On July 25, Nickelodeon and Sony Wonder officially launched the Nick Jr. Video line with three titles, one each based on Eureeka's Castle, Gullah Gullah Island, and Allegra's Window; an audio line eventually launched on March 26, 1996. In June 1996, roughly a couple years after Viacom's acquisition of Paramount Communications, Sony Wonder's deal with Nickelodeon was terminated. Subsequently, Paramount Home Entertainment became the main home video distributor for Nickelodeon and Nick Jr.
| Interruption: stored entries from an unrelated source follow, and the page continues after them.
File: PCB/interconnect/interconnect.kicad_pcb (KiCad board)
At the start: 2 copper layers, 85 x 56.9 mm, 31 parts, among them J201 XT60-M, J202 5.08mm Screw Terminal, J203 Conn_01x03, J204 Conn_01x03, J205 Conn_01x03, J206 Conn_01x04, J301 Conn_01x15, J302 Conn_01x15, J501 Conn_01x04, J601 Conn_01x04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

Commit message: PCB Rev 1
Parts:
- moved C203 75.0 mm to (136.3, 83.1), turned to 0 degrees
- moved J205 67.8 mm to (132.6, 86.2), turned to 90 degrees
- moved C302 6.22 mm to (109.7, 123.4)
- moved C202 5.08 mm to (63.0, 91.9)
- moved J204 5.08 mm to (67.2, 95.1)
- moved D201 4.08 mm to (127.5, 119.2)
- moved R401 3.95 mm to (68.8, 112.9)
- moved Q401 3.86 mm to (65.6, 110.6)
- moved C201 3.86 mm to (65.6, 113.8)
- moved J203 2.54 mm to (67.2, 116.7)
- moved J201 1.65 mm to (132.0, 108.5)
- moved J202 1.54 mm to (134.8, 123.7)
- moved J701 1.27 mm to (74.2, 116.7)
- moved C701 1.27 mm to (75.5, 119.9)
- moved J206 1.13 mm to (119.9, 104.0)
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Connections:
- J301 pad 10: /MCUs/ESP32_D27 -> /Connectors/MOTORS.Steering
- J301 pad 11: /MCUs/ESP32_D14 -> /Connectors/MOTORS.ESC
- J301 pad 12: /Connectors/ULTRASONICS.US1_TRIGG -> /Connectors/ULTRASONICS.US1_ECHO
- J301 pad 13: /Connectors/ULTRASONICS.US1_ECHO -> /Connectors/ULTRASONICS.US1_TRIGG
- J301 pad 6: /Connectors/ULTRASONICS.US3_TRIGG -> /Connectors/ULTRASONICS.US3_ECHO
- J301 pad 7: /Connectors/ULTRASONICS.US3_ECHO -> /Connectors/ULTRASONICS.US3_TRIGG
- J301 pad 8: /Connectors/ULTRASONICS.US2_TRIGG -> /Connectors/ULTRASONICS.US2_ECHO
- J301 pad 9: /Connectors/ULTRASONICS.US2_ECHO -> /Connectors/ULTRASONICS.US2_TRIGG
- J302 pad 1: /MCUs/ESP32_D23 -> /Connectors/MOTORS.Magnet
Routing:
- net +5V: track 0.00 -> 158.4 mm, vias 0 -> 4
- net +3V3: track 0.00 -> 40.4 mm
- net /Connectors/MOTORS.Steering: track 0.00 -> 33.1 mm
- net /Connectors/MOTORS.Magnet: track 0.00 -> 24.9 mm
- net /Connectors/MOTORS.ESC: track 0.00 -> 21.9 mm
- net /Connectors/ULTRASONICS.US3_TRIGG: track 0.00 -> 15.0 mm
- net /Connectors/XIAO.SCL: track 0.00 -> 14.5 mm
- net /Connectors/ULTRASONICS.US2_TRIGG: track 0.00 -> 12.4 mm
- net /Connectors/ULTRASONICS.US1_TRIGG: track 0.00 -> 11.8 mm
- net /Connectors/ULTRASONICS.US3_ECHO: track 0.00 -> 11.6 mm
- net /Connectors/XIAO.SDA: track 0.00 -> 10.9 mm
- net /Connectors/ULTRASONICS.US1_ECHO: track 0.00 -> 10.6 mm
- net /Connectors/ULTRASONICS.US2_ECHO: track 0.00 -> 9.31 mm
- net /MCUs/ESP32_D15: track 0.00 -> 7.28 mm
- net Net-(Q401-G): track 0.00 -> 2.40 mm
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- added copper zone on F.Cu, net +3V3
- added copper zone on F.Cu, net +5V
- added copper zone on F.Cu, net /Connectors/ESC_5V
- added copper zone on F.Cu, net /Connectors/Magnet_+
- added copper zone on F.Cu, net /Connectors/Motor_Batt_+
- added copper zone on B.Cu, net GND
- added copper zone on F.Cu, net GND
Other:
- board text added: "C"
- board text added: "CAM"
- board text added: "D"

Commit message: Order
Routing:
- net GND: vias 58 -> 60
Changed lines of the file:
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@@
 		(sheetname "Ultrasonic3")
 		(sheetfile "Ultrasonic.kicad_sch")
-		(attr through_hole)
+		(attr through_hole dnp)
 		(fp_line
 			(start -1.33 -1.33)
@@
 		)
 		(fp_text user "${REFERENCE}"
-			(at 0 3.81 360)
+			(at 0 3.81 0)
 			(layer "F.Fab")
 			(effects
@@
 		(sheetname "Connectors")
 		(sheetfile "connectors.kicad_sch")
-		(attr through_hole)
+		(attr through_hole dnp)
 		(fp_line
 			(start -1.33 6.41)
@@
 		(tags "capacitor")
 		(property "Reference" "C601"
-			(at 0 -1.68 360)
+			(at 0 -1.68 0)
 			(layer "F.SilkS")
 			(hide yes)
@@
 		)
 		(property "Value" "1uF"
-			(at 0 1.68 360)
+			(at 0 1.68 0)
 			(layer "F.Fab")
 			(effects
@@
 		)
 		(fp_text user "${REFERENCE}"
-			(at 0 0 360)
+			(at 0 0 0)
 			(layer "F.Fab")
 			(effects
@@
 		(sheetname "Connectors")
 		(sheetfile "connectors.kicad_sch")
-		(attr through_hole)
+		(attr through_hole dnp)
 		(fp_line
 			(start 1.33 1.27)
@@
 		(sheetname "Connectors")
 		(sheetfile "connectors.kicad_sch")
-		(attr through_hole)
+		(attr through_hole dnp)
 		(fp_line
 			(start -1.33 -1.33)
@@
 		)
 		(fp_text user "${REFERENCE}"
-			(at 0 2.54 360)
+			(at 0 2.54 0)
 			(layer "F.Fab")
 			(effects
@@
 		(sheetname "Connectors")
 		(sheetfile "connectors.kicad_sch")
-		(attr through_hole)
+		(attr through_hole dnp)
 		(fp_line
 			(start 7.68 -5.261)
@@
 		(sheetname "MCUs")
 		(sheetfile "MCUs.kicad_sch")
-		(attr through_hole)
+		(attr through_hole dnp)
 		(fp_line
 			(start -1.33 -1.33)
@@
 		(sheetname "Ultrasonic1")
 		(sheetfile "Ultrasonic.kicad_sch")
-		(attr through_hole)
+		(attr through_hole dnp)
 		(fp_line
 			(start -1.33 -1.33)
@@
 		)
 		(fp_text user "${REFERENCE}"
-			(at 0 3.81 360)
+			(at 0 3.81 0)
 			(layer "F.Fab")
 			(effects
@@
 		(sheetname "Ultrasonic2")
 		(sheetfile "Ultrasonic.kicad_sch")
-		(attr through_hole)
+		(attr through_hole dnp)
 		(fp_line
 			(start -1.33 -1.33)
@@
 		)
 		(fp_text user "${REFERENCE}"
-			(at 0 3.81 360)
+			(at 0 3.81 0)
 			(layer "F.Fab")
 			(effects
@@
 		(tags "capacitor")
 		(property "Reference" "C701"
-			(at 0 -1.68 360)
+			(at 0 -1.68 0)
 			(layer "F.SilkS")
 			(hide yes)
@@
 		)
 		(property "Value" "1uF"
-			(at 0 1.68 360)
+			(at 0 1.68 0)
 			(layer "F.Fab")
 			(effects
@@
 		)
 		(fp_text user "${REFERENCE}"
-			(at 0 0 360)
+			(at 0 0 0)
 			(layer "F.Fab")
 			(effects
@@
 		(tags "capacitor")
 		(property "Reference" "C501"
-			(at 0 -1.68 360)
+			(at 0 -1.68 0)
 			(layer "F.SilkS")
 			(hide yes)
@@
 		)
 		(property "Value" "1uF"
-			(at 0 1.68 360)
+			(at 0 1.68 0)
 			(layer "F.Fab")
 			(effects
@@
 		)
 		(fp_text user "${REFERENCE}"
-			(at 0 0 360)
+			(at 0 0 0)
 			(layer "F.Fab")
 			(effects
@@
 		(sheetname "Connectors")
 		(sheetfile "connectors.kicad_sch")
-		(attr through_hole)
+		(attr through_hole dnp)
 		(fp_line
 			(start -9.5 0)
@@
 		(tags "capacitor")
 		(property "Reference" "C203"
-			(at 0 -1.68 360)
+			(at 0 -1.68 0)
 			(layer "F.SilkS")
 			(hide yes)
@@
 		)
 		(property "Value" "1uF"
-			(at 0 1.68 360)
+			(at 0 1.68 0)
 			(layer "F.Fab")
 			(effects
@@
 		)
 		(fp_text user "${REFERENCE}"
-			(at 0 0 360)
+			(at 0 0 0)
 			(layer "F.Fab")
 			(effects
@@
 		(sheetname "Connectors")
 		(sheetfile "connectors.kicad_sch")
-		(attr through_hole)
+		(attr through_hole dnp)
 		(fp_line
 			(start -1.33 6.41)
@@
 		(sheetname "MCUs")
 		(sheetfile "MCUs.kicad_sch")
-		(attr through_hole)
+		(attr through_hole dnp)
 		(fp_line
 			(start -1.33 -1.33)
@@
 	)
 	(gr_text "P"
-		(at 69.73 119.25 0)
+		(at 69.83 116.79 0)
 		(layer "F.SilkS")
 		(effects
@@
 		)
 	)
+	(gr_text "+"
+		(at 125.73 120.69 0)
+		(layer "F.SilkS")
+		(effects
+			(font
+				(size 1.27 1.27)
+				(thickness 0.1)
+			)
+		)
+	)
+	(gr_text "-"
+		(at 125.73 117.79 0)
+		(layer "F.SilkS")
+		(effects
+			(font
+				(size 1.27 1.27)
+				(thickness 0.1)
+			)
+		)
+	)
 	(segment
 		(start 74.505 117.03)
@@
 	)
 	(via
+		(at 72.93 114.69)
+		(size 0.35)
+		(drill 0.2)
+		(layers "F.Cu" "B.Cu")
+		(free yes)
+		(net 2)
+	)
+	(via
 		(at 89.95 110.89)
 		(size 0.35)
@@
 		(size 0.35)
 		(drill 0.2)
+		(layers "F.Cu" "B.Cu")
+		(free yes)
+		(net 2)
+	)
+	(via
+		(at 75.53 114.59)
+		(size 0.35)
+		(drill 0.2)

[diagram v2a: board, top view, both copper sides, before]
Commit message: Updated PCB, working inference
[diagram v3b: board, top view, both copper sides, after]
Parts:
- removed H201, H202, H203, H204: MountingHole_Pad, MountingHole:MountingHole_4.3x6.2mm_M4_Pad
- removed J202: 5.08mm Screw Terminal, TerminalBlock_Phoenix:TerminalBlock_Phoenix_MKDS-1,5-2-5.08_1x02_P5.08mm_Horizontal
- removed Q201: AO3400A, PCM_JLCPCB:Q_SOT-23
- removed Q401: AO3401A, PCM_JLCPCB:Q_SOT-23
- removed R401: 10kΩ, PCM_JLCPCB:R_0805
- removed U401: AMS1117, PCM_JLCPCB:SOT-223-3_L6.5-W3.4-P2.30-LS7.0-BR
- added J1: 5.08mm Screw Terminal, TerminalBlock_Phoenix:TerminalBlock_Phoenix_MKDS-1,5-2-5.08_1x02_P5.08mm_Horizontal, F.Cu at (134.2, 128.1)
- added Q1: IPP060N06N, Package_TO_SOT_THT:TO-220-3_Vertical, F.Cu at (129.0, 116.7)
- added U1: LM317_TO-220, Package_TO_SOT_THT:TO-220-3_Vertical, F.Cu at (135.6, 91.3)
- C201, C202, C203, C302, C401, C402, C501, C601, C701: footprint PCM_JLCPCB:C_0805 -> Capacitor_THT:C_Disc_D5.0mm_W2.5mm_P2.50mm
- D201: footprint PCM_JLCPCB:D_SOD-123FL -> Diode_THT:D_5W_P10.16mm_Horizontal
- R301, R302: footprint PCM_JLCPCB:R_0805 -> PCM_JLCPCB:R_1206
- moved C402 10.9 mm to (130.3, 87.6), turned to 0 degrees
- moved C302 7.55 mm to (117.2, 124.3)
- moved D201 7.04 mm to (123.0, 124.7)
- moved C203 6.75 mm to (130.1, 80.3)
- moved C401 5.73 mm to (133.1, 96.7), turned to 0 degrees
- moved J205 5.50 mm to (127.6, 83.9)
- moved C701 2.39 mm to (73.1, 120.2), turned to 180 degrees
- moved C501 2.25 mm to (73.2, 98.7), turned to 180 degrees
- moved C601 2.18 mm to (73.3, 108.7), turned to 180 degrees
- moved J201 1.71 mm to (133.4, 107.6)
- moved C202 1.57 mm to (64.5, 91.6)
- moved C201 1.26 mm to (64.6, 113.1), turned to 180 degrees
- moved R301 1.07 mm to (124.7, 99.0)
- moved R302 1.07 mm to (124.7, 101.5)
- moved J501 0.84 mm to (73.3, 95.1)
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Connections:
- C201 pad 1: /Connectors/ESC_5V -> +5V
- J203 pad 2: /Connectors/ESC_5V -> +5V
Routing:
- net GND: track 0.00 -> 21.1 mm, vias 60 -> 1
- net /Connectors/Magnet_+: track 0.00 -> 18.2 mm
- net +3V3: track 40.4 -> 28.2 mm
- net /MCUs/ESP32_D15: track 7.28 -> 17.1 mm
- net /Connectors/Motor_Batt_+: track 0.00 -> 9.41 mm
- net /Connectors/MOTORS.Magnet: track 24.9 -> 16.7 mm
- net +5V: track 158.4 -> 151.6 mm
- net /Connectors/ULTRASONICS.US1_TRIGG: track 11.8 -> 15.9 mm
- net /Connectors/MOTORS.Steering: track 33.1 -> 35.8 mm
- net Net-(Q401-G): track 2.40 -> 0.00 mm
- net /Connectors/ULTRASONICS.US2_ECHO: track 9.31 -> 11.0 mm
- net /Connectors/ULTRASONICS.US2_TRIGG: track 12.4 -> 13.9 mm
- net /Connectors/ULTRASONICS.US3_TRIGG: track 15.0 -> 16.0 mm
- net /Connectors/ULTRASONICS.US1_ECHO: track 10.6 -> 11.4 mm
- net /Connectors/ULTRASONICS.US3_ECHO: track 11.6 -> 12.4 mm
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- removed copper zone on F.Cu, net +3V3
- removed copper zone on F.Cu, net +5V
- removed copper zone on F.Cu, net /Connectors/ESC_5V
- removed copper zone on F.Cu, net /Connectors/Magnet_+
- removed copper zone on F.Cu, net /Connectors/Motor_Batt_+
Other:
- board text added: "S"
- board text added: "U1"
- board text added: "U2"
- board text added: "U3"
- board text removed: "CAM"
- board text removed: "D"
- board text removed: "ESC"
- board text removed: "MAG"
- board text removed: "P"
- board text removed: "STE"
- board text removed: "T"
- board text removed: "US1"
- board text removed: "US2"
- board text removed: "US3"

On August 2, 1997, Sony Wonder entered a long-term worldwide joint venture with Together Again Video Productions to create and distribute new and previous Kidsongs titles, starting with 20 new episodes of The Kidsongs Television Show. On December 27, Sony Wonder and Golden Books Family Entertainment agreed to release titles from Golden Books' catalog starting in spring 1998; the contract continued with Classic Media after they acquired Golden Books.

The company was also the Canadian home video distributor for series produced by CINAR, such as Arthur, Wimzie's House, Madeline, A Bunch of Munsch, The Busy World of Richard Scarry, and Caillou.

On May 4, 1998, Sony Wonder bought Sunbow Entertainment, which had produced various shows based on Hasbro's toy lines but whose original programming had mostly under-performed. On March 1, 2000, Sony Wonder signed a first-look distribution agreement with German-based management firm TV-Loonland AG to handle the distribution of their shows in German-speaking and Eastern European territories and eventually signed a UK home video deal with Maverick. On October 3, as an extension to the previous agreement, TV-Loonland purchased the television division of Sony Wonder, including its programming and ownership in Sunbow. As part of the deal, Sony kept the North American home video and international audio rights to its library. On May 14, 2008, Hasbro acquired the Sunbow programs based on its properties, which are now part of Hasbro Entertainment. In 2009, TV-Loonland filed for bankruptcy. In 2011, Loonland sold its catalogue to m4e AG. In February 2017, Studio 100 acquired a majority stake in m4e AG, becoming the current owner of television rights to most of the Loonland catalogue, including the Sunbow and Sony Wonder titles.

====Closure====
From the end of 2006 to 2007, Sony Wonder began losing distribution agreements. The first company to revoke their deal with Sony Wonder was World Wrestling Entertainment, who signed with Genius Products in October 2006. In January 2007, Sony Wonder had also lost their long-time distribution agreement deal with Classic Media to Genius, and this was followed with Sesame Workshop also signing with Genius in February 2007. Shortly after in March, Shout! Factory announced they would also end their agreement with Sony Wonder and signed a new deal with Vivendi Visual Entertainment.

With the loss of these agreements, Sony BMG Music Entertainment announced that it would shut down Sony Wonder to focus on its core music business. The last two releases under the Sony Wonder label were the 20th Anniversary Edition of The Transformers: The Movie and A Sesame Street Christmas Carol, which were released in November 2006.

===Under Sony Pictures===
On June 20, 2007, Sony Pictures Home Entertainment announced that it would revive the Sony Wonder brand as its kids and family entertainment subdivision. The company announced that properties that would be released under Sony Wonder would include The Berenstain Bears, Dragon Tales, Harold and the Purple Crayon, Holly Hobbie & Friends, It's a Big Big World and Stuart Little: The Animated Series.

In 2015, the Sony Wonder label was rebranded as Sony Pictures Family Fun, which was eventually folded into Sony Pictures Kids Zone in 2020. The Sony Wonder label was still used for the direct-to-video The Swan Princess film series until 2023.